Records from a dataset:
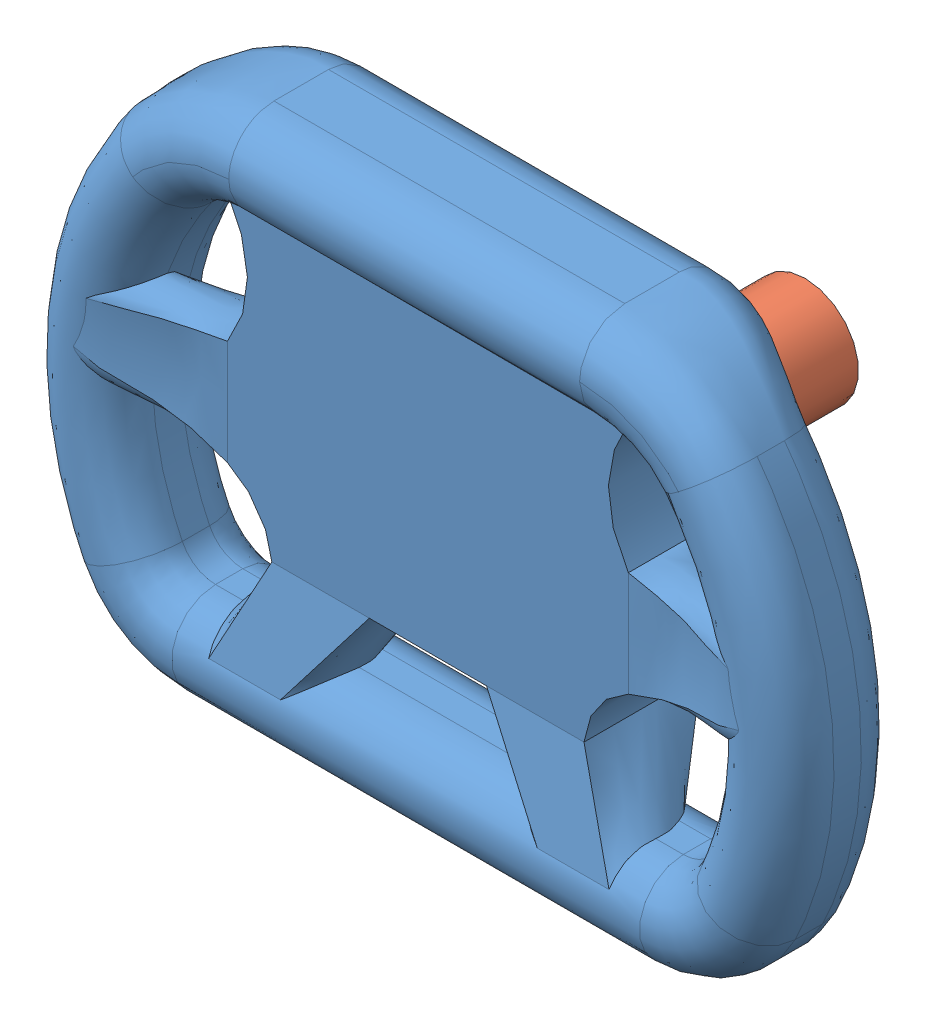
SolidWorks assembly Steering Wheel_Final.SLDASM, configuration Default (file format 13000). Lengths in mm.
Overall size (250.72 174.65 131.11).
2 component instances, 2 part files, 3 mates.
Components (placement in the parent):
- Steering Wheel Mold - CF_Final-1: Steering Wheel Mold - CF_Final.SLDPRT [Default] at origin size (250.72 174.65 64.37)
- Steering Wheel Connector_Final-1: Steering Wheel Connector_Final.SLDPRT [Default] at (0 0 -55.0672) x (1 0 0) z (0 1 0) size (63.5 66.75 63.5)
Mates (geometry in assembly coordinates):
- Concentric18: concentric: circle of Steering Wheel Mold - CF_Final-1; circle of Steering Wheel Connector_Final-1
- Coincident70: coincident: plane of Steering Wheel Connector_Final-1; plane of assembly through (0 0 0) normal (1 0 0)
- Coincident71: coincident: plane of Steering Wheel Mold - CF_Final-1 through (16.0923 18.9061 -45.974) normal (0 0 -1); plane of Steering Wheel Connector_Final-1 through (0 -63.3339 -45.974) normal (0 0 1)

#### [EXERCISE DIRECTIONS]
From the line that contains "- Steering Wheel Mold" down to the last line above, print each line exactly as it appears.

#### [RESPONSE]
- Steering Wheel Mold - CF_Final-1: Steering Wheel Mold - CF_Final.SLDPRT [Default] at origin size (250.72 174.65 64.37)
- Steering Wheel Connector_Final-1: Steering Wheel Connector_Final.SLDPRT [Default] at (0 0 -55.0672) x (1 0 0) z (0 1 0) size (63.5 66.75 63.5)
Mates (geometry in assembly coordinates):
- Concentric18: concentric: circle of Steering Wheel Mold - CF_Final-1; circle of Steering Wheel Connector_Final-1
- Coincident70: coincident: plane of Steering Wheel Connector_Final-1; plane of assembly through (0 0 0) normal (1 0 0)
- Coincident71: coincident: plane of Steering Wheel Mold - CF_Final-1 through (16.0923 18.9061 -45.974) normal (0 0 -1); plane of Steering Wheel Connector_Final-1 through (0 -63.3339 -45.974) normal (0 0 1)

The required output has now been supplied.